Sarri got 99 problems but a goalkeeper ain’t one
Think about all the chaos Sarri has endured in just a few months at the helm:
Juve’s captain and best defender, Giorgio Chiellini, tore his ACL to miss the majority of the season that just started, an incident that not only robbed the club of one of its best and most experienced players, but also took away its most prized leader. The injury also forced Sarri to integrate Matthijs de Ligt at a much quicker rate than he might’ve with Chiellini still in the lineup, all while moving our best friend Johnny Cuadrado to right back.
The midfield remains the midfield: not great. Miralem Pjanic started the year brilliantly and has kind of regressed back a lackluster pacemaker. Rodrigo Bentancur hasn’t quite shown the development we would’ve hoped for. Blaise Matuidi does what you’d expect him to. Adrien Rabiot has been in and out of the lineup, sporadically effective. Aaron Ramsey, who is made of a rare Welsh fiber found only in the most delicate nooks and crannies of southwest Great Britain, spends lots of time at J-Medical. Sami Khedira is old and, now, injured. Emre Can is a fantastic soap opera but not much else.
Offensively, the Juve attackers have been far from great. Five teams have scored more goals than Cristiano Ronaldo, Paulo Dybala, Gonzalo Higuain and Co. — a list of teams that includes Cagliari and Roma. Woof.
The goalkeeper situation is probably the only thing Sarri doesn’t lose sleep over.
Sarri has dealt with all of this and marched forward with gritty wins.
Call me an optimist, but I also think the goals are going to start getting more fluid very soon. Check out, for instance, the expected goals against Sassuolo, courtesy of our old pal Cheuk Hei Ho.
Sarri (the 100th times): "We created a lot of chances but were not clinical enough" pic.twitter.com/SKCabAi7uA— Cheuk Hei Ho (@Tacticsplatform) December 1, 2019
A 4.66 xG effort is very good! If Juventus had been sharper, this game would’ve been a runaway train.
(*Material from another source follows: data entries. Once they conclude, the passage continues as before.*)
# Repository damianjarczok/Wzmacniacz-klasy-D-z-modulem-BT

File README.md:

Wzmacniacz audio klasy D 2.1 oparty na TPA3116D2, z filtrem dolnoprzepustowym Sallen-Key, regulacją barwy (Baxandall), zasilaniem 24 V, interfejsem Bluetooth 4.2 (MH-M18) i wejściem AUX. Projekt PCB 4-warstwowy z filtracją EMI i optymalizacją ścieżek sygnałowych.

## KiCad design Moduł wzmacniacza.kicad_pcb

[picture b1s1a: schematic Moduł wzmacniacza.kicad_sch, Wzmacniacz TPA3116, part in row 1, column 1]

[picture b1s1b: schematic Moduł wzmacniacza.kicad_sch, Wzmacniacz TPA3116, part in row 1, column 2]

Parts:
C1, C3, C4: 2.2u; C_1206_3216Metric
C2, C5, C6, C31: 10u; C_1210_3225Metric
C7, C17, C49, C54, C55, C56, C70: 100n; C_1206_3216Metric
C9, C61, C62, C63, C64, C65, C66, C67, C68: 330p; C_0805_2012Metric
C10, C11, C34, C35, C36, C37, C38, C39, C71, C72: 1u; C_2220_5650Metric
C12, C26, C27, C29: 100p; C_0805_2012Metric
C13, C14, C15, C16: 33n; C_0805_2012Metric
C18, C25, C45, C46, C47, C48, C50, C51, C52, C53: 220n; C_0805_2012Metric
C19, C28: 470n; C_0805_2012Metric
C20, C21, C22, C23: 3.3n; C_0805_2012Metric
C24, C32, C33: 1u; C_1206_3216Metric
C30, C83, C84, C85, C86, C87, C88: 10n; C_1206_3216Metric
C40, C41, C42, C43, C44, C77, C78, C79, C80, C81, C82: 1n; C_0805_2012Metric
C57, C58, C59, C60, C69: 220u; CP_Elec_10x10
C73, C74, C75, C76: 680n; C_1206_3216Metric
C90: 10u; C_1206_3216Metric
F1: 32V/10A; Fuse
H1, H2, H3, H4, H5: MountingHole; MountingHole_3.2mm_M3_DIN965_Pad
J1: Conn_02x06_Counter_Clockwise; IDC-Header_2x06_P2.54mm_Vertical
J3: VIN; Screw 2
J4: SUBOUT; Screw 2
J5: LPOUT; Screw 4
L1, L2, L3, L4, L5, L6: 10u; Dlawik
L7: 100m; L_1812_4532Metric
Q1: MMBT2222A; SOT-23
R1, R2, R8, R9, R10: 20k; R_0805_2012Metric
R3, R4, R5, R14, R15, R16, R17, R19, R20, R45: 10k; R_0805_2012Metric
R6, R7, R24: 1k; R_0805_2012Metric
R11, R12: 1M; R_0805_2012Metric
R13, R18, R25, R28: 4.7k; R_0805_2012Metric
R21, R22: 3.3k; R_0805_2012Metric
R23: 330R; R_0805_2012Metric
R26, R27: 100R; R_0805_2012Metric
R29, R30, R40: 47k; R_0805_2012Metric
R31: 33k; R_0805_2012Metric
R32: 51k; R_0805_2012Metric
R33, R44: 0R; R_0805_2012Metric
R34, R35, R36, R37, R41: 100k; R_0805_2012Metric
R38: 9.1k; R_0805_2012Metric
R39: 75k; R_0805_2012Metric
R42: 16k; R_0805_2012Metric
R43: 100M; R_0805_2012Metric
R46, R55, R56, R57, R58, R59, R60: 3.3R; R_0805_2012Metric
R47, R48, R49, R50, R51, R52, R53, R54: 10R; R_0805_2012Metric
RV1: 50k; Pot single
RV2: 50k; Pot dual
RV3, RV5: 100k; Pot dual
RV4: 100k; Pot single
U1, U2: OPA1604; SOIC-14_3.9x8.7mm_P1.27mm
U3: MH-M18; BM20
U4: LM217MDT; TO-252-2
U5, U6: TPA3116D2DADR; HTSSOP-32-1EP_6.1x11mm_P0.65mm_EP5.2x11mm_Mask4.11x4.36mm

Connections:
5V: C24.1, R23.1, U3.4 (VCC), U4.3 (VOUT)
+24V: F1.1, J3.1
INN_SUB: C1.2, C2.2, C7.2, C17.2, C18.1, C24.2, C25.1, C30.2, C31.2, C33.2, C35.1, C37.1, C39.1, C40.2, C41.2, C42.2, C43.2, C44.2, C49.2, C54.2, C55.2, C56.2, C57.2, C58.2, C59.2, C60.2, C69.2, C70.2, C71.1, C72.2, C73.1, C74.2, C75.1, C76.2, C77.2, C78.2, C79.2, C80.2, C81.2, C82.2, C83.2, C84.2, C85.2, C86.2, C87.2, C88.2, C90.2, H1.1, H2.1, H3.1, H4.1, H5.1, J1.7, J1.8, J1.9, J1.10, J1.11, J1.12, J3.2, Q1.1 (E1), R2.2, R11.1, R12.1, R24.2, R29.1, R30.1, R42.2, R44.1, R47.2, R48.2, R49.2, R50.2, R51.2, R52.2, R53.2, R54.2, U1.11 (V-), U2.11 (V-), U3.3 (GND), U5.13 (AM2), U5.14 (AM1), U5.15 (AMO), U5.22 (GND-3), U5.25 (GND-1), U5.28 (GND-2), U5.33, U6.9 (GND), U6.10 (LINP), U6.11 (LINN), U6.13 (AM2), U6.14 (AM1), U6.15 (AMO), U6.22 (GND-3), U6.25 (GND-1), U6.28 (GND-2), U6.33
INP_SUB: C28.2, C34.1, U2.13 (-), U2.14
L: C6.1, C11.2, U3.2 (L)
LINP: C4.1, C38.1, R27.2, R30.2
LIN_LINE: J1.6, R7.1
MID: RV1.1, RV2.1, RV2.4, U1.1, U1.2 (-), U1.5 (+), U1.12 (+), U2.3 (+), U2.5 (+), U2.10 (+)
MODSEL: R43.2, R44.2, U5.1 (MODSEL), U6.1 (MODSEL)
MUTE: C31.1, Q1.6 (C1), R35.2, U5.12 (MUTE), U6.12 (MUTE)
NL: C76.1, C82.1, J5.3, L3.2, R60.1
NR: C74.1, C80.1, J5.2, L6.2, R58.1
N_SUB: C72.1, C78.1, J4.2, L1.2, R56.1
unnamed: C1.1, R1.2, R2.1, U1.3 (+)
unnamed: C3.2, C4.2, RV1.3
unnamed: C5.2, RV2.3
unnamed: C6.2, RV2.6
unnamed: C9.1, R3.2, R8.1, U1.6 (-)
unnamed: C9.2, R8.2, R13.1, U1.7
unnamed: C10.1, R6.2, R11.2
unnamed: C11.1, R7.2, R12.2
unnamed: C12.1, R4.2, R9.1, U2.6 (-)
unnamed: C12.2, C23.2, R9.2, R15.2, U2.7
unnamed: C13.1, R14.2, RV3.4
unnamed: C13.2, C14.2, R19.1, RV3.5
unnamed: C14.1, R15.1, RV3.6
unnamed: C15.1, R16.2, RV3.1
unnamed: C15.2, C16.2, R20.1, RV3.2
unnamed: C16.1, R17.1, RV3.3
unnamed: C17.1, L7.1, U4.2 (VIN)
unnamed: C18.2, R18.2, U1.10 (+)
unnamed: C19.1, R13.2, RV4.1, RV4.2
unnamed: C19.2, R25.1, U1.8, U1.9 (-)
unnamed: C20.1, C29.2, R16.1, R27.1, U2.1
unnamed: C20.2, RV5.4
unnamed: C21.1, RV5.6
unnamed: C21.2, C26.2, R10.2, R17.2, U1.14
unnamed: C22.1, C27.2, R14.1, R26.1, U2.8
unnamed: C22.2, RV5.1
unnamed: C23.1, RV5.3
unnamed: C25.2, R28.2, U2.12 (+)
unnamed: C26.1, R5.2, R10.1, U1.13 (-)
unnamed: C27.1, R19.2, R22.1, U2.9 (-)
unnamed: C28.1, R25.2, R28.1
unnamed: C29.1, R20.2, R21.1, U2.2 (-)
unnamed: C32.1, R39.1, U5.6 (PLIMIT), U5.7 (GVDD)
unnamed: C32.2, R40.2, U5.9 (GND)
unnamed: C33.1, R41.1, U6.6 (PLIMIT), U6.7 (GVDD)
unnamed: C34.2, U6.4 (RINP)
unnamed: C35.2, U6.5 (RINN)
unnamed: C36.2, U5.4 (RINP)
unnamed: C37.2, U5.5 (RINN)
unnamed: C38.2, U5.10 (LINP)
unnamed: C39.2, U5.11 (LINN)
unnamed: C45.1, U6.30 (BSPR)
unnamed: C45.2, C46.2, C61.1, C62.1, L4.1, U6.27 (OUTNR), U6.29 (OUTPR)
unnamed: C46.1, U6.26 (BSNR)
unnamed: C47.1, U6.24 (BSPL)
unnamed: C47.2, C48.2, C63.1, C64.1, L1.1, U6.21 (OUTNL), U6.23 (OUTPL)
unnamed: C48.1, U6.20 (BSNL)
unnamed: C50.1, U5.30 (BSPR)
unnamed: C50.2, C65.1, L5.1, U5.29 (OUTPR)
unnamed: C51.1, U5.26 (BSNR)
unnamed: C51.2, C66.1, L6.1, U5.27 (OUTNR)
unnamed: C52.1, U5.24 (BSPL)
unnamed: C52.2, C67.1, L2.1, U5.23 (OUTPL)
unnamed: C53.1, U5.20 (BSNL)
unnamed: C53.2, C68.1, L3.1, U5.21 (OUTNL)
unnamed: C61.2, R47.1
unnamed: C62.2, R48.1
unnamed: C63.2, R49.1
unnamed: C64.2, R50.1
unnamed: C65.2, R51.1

But instead the players were wasteful and Sassuolo caught a supremely lucky break when Cuadrado, de Ligt, and Gianluigi Buffon all simultaneously thought it would be hilarious to commit bone-headed errors.
Forecasting 3 season outcomes with a ‘yay’ or ‘nay’ attached
Imagine the following three season outcomes and let me know whether you think the result would qualify as a success for Sarri. A second, slightly different question would be whether such a result would make you want to see Sarri coaching at Juventus again next year or not. Below are my answers.
I’m not factoring in the Coppa Italia because, at the end of the day, I don’t think it really moves the needle any one way for the club unless it happens to be a treble. And if Juve win the treble, I will migrate to northern Italy and give you first-hand accounts of every Juventus game.
One: Juventus win Serie A and crash out of UCL in the round of 16 or quarterfinals
Success? Yes. Bring Sarri back? Yes.
Two: Juventus finish second in Serie A and crash out of UCL in the round of 16 or quarterfinals
Success? No. Bring Sarri back? Yes.
Three: Juventus finish second in Serie A but reach UCL semifinals or final
Success? Yes. Bring Sarri back? Yes.
I think two things have to be considered in this campaign. The first is that Juventus have won Serie A a million times in a row, and although each trophy is immense, the focus is tacitly on the Champions League. The second and related point is that Inter Milan made a bunch of damn good moves in management, coaching, and players, and they’re having a special season over there at the San Siro even if they are pure, unadulterated merda.
This is Juventus. Things are always going to be spicy, people are always going to complain, and the pressure is always going to be on. But between Ronaldo, a new coach, a legitimate battle with Inter, and an aging core, things are indeed as interesting as they could possibly be for the Old Lady.